(Extracted records)
===
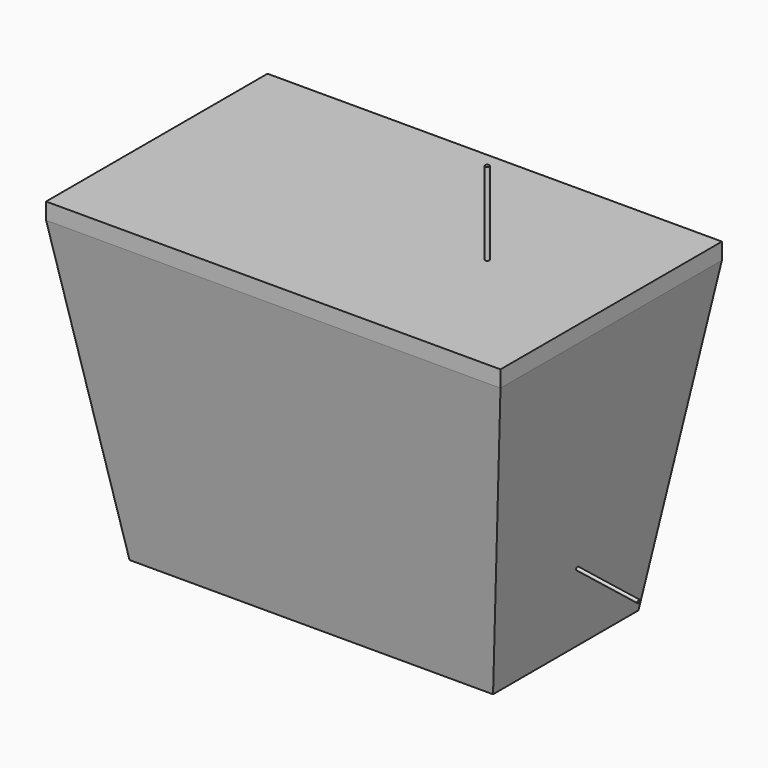
from build123d import *

# Parameters (mm, degrees)
F2_W      = 440
F2_H      = 220
F3_W      = 550
F3_H      = 335
F5_T      = -15
F6_R      = 10
F7_DEPTH  = 160
F8_W      = 10
F8_H      = 0.5
F8_W_2    = 310.5556852937
F8_W_3    = 330.5556852937
F8_H_2    = 7.628889712
F8_W_4    = 350.5556852937
F7_FACE_R = 10
F9_DEPTH  = 1
F8_H_3    = 8
F10_DEPTH = 19.05
F11_W     = 0.5
F11_H     = 137.0105478786
F12_DEPTH = 1
F13_R     = 50
F14_DEPTH = 150
F15_R     = 37.5
F16_DEPTH = 30
F17_R     = 5
F18_R     = 40
F19_DEPTH = 20
F20_R     = 18.75
F21_DEPTH = 25
F25_W     = 550
F25_H     = 335
F26_DEPTH = 20
F27_R     = 1.987683668
F28_DEPTH = 75
F29_R     = 2.5
F30_DEPTH = 100


with BuildPart() as f4:
    # F2 (on offset) → F4 section 0
    with BuildSketch(Plane.XY.offset(-167.5)):
        Rectangle(F2_W, F2_H)
    # F3 (on offset) → F4 section 1
    with BuildSketch(Plane.XY.offset(200)):
        Rectangle(F3_W, F3_H)
    loft()

    # F5
    f5_openings = [f4.faces().sort_by_distance(p)[0] for p in [
        (0, 0, 200),
    ]]
    offset(amount=F5_T, openings=f5_openings)

    # F6 (on face) → F7 (join)
    with BuildSketch(Plane.XY.offset(-152.5)):
        with Locations((-155.2778426469, 48.564444856)):
            Circle(F6_R)
        with Locations((-155.2778426469, -48.564444856)):
            Circle(F6_R)
        with Locations((155.2778426469, 48.564444856)):
            Circle(F6_R)
        with Locations((155.2778426469, -48.564444856)):
            Circle(F6_R)
    extrude(amount=F7_DEPTH)

    # F8 (on face) + F7_face (on face) + F6 (on face) → F9 (join)
    with BuildSketch(Plane.XY.offset(7.5)):
        Polygon((-165.2778426469, -58.564444856), (-165.2778426469, -50.935555144), (-175.2778426469, -50.935555144), (-175.2778426469, -58.935555144), (175.2778426469, -58.935555144), (175.2778426469, -50.935555144), (165.2778426469, -50.935555144), (165.2778426469, -58.564444856), align=None)
        with Locations((-170.2778426469, 0.314444856)):
            Rectangle(F8_W, F8_H)
        with Locations((-170.2778426469, 25.814444856)):
            Rectangle(F8_W, F8_H)
        with Locations((160.2778426469, 25.814444856)):
            Rectangle(F8_W, F8_H)
        with Locations((-160.2778426469, 25.814444856)):
            Rectangle(F8_W, F8_H)
        with Locations((-160.2778426469, -33.685555144)):
            Rectangle(F8_W, F8_H)
        with Locations((-160.2778426469, 0.314444856)):
            Rectangle(F8_W, F8_H)
        with Locations((0, 8.814444856)):
            Rectangle(F8_W_2, F8_H)
        with Locations((0, -25.185555144)):
            Rectangle(F8_W_2, F8_H)
        with Locations((-160.2778426469, 34.314444856)):
            Rectangle(F8_W, F8_H)
        with BuildLine():
            ThreePointArc((-145.7384506327, 51.564444856), (-145.6636664989, 51.3153750614), (-145.5953842813, 51.064444856))
            Line((-145.5953842813, 51.064444856), (165.2778426469, 51.064444856))
            Line((165.2778426469, 51.064444856), (165.2778426469, 51.564444856))
            Line((165.2778426469, 51.564444856), (-145.7384506327, 51.564444856))
        make_face()
        with Locations((160.2778426469, 0.314444856)):
            Rectangle(F8_W, F8_H)
        with Locations((-160.2778426469, -16.685555144)):
            Rectangle(F8_W, F8_H)
        with Locations((160.2778426469, -8.185555144)):
            Rectangle(F8_W, F8_H)
        with Locations((-170.2778426469, -42.185555144)):
            Rectangle(F8_W, F8_H)
        with Locations((160.2778426469, -25.185555144)):
            Rectangle(F8_W, F8_H)
        with Locations((-160.2778426469, -8.185555144)):
            Rectangle(F8_W, F8_H)
        with Locations((0, -42.185555144)):
            Rectangle(F8_W_2, F8_H)
        with Locations((-170.2778426469, 8.814444856)):
            Rectangle(F8_W, F8_H)
        with Locations((0, 0.314444856)):
            Rectangle(F8_W_2, F8_H)
        with Locations((160.2778426469, -16.685555144)):
            Rectangle(F8_W, F8_H)
        with Locations((160.2778426469, 8.814444856)):
            Rectangle(F8_W, F8_H)
        with Locations((0, -33.685555144)):
            Rectangle(F8_W_2, F8_H)
        with Locations((-170.2778426469, -8.185555144)):
            Rectangle(F8_W, F8_H)
        with Locations((-160.2778426469, 17.314444856)):
            Rectangle(F8_W, F8_H)
        with Locations((0, 34.314444856)):
            Rectangle(F8_W_2, F8_H)
        with Locations((-170.2778426469, -16.685555144)):
            Rectangle(F8_W, F8_H)
        with Locations((160.2778426469, -33.685555144)):
            Rectangle(F8_W, F8_H)
        with Locations((160.2778426469, 34.314444856)):
            Rectangle(F8_W, F8_H)
        with BuildLine():
            Line((-145.2778426469, 48.564444856), (-155.2778426469, 48.564444856))
            Line((-155.2778426469, 48.564444856), (-155.2778426469, 43.064444856))
            Line((-155.2778426469, 43.064444856), (-146.9261961026, 43.064444856))
            ThreePointArc((-146.9261961026, 43.064444856), (-145.6987908816, 45.6935970233), (-145.2778426469, 48.564444856))
        make_face()
        with Locations((0, -54.75)):
            Rectangle(F8_W_3, F8_H_2)
        with BuildLine():
            Line((155.2778426469, 43.064444856), (-146.9261961026, 43.064444856))
            ThreePointArc((-146.9261961026, 43.064444856), (-147.0981980227, 42.8117573255), (-147.2778426469, 42.564444856))
            Line((-147.2778426469, 42.564444856), (155.2778426469, 42.564444856))
            Line((155.2778426469, 42.564444856), (155.2778426469, 43.064444856))
        make_face()
        with BuildLine():
            Line((-164.817234661, 51.564444856), (-145.7384506327, 51.564444856))
            ThreePointArc((-145.7384506327, 51.564444856), (-149.3617628638, 56.6267026043), (-155.2778426469, 58.564444856))
            ThreePointArc((-155.2778426469, 58.564444856), (-161.19392243, 56.6267026043), (-164.817234661, 51.564444856))
        make_face()
        with Locations((0, 25.814444856)):
            Rectangle(F8_W_2, F8_H)
        with Locations((0, -8.185555144)):
            Rectangle(F8_W_2, F8_H)
        with Locations((160.2778426469, 42.814444856)):
            Rectangle(F8_W, F8_H)
        with Locations((160.2778426469, 17.314444856)):
            Rectangle(F8_W, F8_H)
        with Locations((-170.2778426469, -50.685555144)):
            Rectangle(F8_W, F8_H)
        with Locations((-170.2778426469, 17.314444856)):
            Rectangle(F8_W, F8_H)
        with Locations((-170.2778426469, 51.314444856)):
            Rectangle(F8_W, F8_H)
        with Locations((-160.2778426469, -25.185555144)):
            Rectangle(F8_W, F8_H)
        with Locations((-160.2778426469, 8.814444856)):
            Rectangle(F8_W, F8_H)
        with Locations((160.2778426469, -42.185555144)):
            Rectangle(F8_W, F8_H)
        with Locations((-170.2778426469, 34.314444856)):
            Rectangle(F8_W, F8_H)
        with Locations((-170.2778426469, -33.685555144)):
            Rectangle(F8_W, F8_H)
        with BuildLine():
            Line((-155.2778426469, 42.564444856), (-155.2778426469, 43.064444856))
            Line((-155.2778426469, 43.064444856), (-163.6294891911, 43.064444856))
            ThreePointArc((-163.6294891911, 43.064444856), (-163.457487271, 42.8117573255), (-163.2778426469, 42.564444856))
            Line((-163.2778426469, 42.564444856), (-155.2778426469, 42.564444856))
        make_face()
        with Locations((-170.2778426469, -25.185555144)):
            Rectangle(F8_W, F8_H)
        with Locations((-170.2778426469, 42.814444856)):
            Rectangle(F8_W, F8_H)
        with Locations((0, -16.685555144)):
            Rectangle(F8_W_2, F8_H)
        with Locations((0, 17.314444856)):
            Rectangle(F8_W_2, F8_H)
        with BuildLine():
            Line((-147.2778426469, 42.564444856), (-155.2778426469, 42.564444856))
            Line((-155.2778426469, 42.564444856), (-155.2778426469, 38.564444856))
            ThreePointArc((-155.2778426469, 38.564444856), (-150.8057066919, 39.620172946), (-147.2778426469, 42.564444856))
        make_face()
        with Locations((-160.2778426469, -42.185555144)):
            Rectangle(F8_W, F8_H)
        with BuildLine():
            Line((-155.2778426469, 43.064444856), (-155.2778426469, 48.564444856))
            Line((-155.2778426469, 48.564444856), (-145.2778426469, 48.564444856))
            ThreePointArc((-145.2778426469, 48.564444856), (-145.3575456842, 49.8244877808), (-145.5953842813, 51.064444856))
            Line((-145.5953842813, 51.064444856), (-164.9603010124, 51.064444856))
            ThreePointArc((-164.9603010124, 51.064444856), (-165.1981396095, 49.8244877808), (-165.2778426469, 48.564444856))
            ThreePointArc((-165.2778426469, 48.564444856), (-164.8568944121, 45.6935970233), (-163.6294891911, 43.064444856))
            Line((-163.6294891911, 43.064444856), (-155.2778426469, 43.064444856))
        make_face()
        with BuildLine():
            Line((-146.9261961026, 43.064444856), (-155.2778426469, 43.064444856))
            Line((-155.2778426469, 43.064444856), (-155.2778426469, 42.564444856))
            Line((-155.2778426469, 42.564444856), (-147.2778426469, 42.564444856))
            ThreePointArc((-147.2778426469, 42.564444856), (-147.0981980227, 42.8117573255), (-146.9261961026, 43.064444856))
        make_face()
        with Locations((0, -50.685555144)):
            Rectangle(F8_W_3, F8_H)
        with BuildLine():
            Line((-155.2778426469, 38.564444856), (-155.2778426469, 42.564444856))
            Line((-155.2778426469, 42.564444856), (-163.2778426469, 42.564444856))
            ThreePointArc((-163.2778426469, 42.564444856), (-159.7499786019, 39.620172946), (-155.2778426469, 38.564444856))
        make_face()
        with BuildLine():
            Line((-164.9603010124, 51.064444856), (-145.5953842813, 51.064444856))
            ThreePointArc((-145.5953842813, 51.064444856), (-145.6636664989, 51.3153750614), (-145.7384506327, 51.564444856))
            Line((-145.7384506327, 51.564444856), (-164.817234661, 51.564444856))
===
# [TASK ITEM]
Where the data above reaches the line holding "F19_DEPTH = 20", begin printing, and stop after the line holding "f5_openings = [f4.faces().sort_by_distance(p)[0]". Each line must be reproduced exactly, with nothing else added.

# [SOLUTION TO THIS EXERCISE]
F19_DEPTH = 20
F20_R     = 18.75
F21_DEPTH = 25
F25_W     = 550
F25_H     = 335
F26_DEPTH = 20
F27_R     = 1.987683668
F28_DEPTH = 75
F29_R     = 2.5
F30_DEPTH = 100


with BuildPart() as f4:
    # F2 (on offset) → F4 section 0
    with BuildSketch(Plane.XY.offset(-167.5)):
        Rectangle(F2_W, F2_H)
    # F3 (on offset) → F4 section 1
    with BuildSketch(Plane.XY.offset(200)):
        Rectangle(F3_W, F3_H)
    loft()

    # F5
    f5_openings = [f4.faces().sort_by_distance(p)[0] for p in [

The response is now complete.